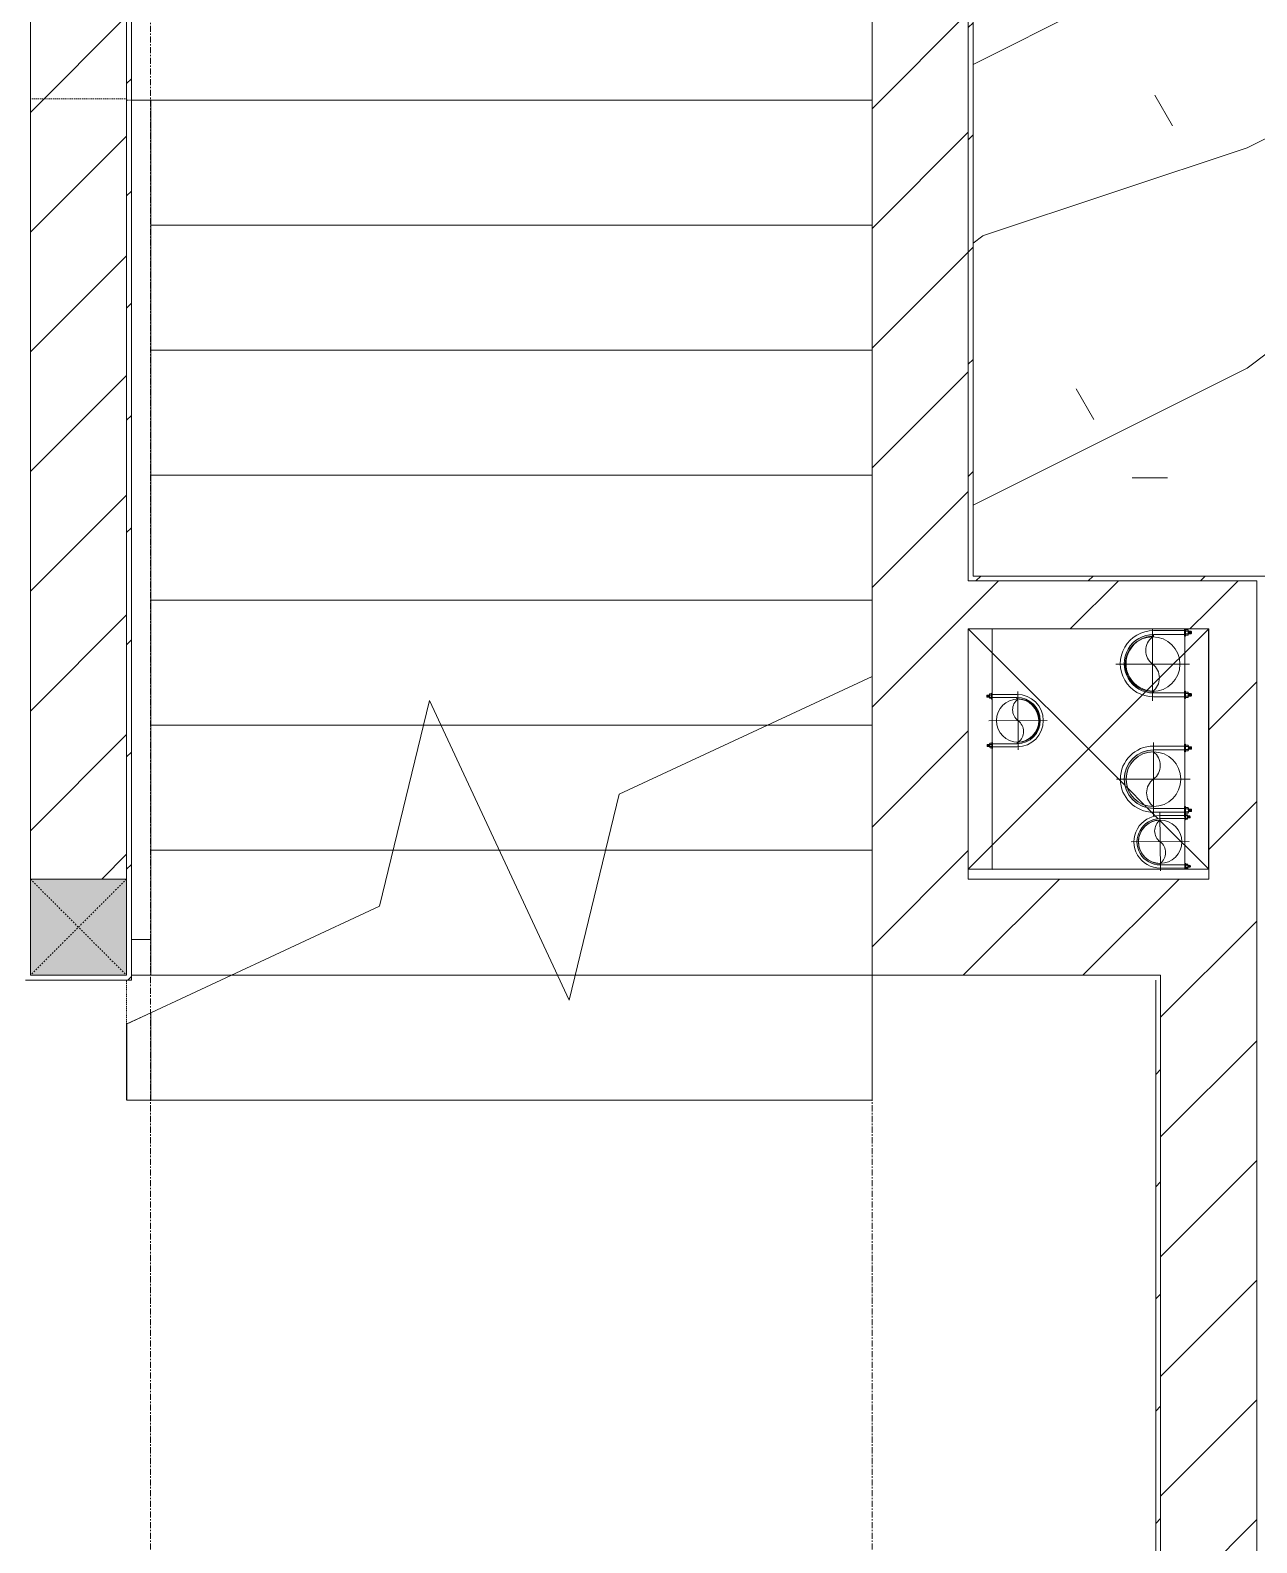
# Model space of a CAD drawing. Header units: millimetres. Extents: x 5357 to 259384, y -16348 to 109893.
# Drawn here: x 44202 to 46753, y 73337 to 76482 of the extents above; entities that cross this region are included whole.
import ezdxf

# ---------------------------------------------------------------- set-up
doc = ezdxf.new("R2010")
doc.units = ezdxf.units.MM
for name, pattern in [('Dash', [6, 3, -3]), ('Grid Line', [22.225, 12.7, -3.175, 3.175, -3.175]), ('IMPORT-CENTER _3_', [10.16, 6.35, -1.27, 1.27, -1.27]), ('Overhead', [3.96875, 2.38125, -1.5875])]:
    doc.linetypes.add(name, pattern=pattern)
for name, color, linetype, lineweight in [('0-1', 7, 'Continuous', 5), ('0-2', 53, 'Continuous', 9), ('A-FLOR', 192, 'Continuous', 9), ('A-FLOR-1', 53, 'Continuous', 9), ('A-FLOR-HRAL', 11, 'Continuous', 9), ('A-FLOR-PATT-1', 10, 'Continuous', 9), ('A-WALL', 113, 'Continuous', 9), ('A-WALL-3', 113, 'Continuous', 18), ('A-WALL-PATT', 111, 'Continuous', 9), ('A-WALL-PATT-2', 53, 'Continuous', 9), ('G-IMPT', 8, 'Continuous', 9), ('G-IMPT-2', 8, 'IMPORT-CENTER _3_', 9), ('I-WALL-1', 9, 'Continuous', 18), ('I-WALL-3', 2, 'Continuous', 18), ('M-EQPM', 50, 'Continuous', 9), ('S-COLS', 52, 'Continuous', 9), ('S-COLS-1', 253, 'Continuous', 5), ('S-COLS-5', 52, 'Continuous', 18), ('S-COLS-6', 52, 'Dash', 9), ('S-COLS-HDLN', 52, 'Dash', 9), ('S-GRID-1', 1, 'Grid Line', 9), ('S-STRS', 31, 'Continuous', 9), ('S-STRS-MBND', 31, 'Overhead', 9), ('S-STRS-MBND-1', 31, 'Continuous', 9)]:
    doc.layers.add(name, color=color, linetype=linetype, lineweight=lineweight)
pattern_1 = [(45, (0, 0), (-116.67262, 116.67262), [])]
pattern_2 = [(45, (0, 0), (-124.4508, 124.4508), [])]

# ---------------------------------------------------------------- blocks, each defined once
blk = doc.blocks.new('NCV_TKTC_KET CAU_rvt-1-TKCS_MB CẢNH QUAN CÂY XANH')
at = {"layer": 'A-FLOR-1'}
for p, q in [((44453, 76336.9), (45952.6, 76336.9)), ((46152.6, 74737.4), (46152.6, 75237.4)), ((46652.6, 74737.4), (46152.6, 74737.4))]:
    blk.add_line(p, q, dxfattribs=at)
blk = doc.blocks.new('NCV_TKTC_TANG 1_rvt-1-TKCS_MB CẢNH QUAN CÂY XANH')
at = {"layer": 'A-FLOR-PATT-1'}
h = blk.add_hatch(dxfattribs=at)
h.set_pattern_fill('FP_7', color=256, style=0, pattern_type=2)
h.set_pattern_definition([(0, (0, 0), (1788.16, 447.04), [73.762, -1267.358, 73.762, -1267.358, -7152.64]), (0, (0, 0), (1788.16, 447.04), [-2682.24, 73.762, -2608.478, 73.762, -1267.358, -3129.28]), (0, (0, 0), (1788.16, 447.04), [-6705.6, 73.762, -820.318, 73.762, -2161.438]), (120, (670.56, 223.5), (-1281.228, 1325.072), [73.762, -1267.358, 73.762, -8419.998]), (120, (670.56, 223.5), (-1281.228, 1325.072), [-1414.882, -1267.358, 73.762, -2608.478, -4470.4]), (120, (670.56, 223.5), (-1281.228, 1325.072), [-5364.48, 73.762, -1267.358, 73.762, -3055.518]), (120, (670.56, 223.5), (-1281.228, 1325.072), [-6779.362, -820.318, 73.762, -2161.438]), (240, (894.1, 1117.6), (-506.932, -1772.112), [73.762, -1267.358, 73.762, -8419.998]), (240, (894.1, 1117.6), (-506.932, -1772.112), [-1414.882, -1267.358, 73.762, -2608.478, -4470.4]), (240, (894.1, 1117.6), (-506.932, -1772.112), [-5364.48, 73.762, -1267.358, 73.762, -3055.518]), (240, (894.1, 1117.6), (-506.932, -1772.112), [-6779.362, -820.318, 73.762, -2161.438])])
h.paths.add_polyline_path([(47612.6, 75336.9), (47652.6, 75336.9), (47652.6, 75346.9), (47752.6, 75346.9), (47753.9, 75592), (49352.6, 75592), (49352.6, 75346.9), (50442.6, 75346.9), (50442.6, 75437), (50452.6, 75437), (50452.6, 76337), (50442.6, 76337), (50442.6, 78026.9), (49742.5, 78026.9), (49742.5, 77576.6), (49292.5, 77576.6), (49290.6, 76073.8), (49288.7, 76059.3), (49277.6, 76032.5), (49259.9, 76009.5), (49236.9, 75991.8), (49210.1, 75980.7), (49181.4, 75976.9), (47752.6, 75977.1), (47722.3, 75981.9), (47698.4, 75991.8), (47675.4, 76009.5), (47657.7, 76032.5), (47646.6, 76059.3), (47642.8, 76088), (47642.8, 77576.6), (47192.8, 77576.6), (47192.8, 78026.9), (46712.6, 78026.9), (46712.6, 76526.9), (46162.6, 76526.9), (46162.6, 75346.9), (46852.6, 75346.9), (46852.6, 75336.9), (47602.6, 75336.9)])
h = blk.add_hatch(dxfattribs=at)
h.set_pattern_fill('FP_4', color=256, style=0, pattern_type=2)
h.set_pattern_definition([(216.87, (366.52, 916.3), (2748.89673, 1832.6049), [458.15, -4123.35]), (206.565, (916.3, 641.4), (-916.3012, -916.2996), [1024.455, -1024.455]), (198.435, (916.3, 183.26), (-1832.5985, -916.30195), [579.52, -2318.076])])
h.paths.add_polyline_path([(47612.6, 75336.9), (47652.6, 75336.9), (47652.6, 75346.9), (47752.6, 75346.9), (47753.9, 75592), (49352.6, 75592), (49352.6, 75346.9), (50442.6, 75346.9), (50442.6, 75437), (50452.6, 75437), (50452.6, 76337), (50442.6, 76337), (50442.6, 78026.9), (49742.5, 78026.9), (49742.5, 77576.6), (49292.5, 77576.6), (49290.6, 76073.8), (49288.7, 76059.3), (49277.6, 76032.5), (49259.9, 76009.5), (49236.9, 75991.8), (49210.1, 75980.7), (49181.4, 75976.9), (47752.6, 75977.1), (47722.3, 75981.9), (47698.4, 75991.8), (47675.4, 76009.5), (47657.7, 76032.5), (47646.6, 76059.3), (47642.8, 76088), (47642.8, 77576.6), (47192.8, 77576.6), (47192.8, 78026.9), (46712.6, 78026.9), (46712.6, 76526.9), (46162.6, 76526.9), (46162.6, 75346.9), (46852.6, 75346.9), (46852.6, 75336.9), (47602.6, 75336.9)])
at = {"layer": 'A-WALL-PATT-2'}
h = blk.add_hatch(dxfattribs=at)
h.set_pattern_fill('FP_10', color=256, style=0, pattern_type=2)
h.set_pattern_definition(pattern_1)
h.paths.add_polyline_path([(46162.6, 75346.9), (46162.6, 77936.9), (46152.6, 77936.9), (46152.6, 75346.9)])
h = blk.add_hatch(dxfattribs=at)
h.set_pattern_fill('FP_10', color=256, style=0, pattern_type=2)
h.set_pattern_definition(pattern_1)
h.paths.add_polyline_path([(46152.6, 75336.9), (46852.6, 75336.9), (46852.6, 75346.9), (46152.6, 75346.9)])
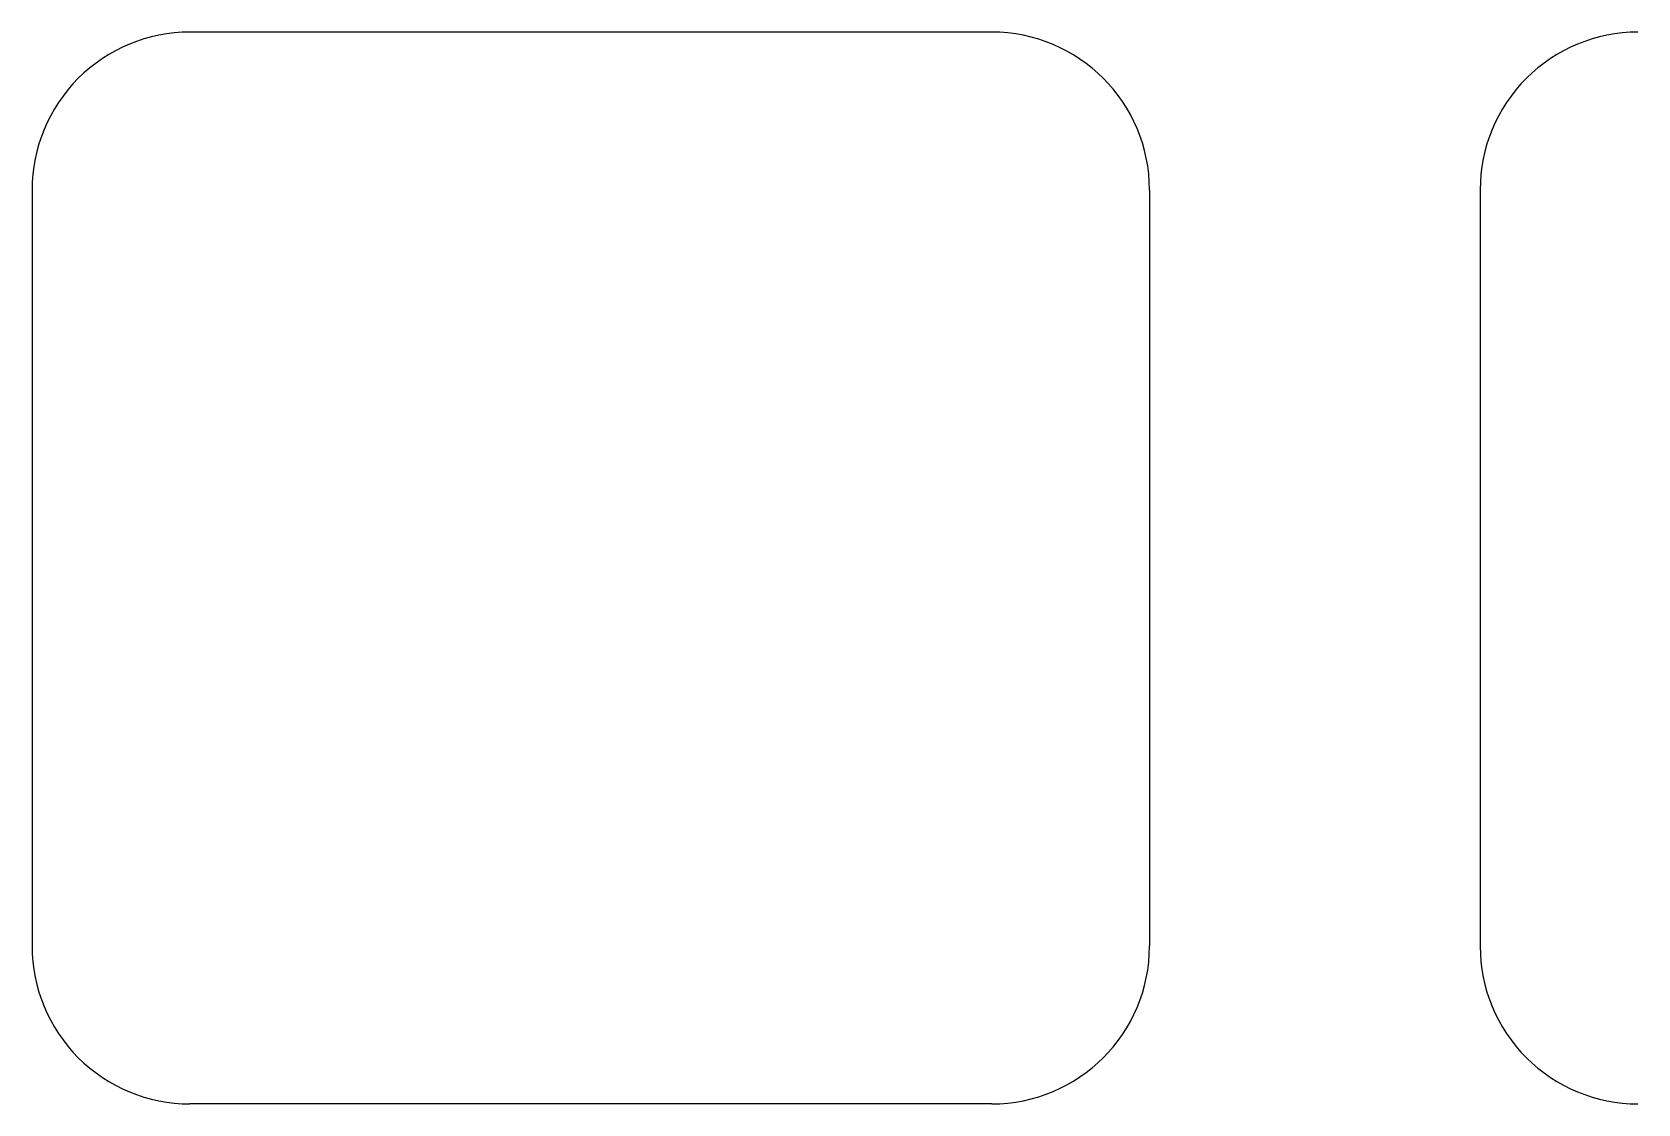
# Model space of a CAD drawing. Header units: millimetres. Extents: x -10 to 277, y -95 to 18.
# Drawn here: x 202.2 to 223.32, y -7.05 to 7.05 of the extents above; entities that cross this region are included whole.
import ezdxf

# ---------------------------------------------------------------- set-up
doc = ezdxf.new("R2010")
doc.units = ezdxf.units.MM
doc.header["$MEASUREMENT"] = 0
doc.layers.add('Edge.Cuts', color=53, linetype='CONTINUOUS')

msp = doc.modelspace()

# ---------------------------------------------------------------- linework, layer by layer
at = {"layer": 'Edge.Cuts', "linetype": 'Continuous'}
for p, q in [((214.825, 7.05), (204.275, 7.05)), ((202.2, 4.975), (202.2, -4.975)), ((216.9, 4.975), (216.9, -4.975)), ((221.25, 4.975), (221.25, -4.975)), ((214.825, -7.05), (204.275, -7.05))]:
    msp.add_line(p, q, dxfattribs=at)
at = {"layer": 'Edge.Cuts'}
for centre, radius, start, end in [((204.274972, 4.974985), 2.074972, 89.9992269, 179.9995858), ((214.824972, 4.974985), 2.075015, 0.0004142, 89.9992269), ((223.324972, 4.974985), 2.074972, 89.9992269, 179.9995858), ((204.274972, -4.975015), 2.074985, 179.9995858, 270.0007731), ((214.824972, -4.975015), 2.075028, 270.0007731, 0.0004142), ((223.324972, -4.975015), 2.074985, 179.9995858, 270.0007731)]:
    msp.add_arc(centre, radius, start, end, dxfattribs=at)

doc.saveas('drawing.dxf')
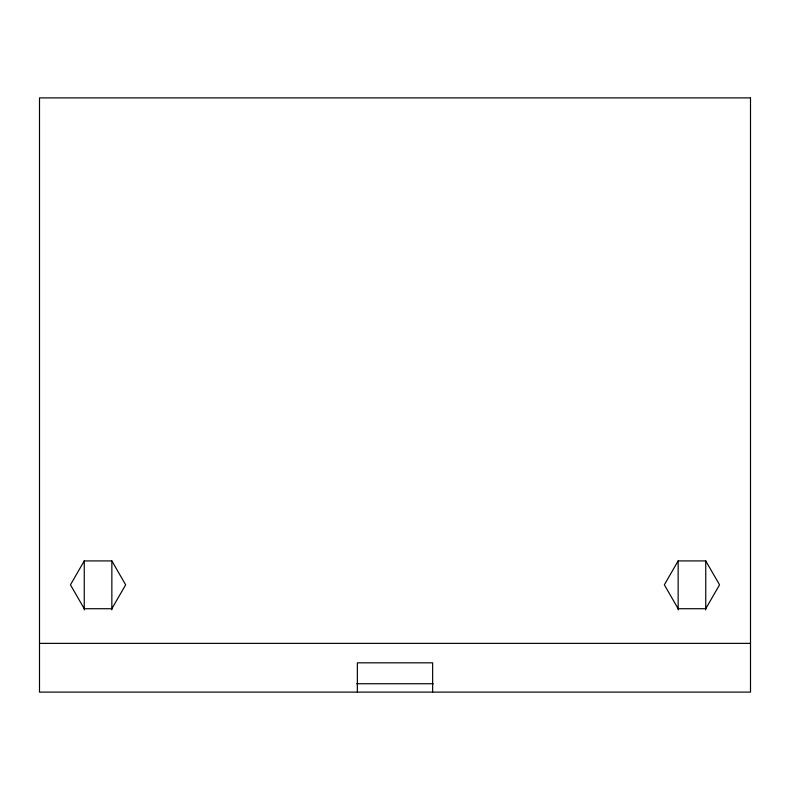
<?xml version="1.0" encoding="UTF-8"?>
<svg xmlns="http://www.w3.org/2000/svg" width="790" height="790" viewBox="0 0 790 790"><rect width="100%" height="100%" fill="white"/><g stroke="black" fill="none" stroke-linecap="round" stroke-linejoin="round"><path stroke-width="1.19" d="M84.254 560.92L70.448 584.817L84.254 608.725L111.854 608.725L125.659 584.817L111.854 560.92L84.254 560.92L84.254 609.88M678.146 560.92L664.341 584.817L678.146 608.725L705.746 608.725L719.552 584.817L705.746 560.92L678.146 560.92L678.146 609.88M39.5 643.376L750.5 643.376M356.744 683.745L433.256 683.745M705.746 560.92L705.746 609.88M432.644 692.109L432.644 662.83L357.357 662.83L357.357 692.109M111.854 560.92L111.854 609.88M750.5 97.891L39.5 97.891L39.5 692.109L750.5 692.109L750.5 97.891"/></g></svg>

> **ABOUT THIS TASK**:
Find the lines above that contain the word "here" and collect them.

> **THE ANSWER**:
# Drawn here: x 44202 to 46753, y 73337 to 76482 of the extents above; entities that cross this region are included whole.
# Drawn here: x 202.2 to 223.32, y -7.05 to 7.05 of the extents above; entities that cross this region are included whole.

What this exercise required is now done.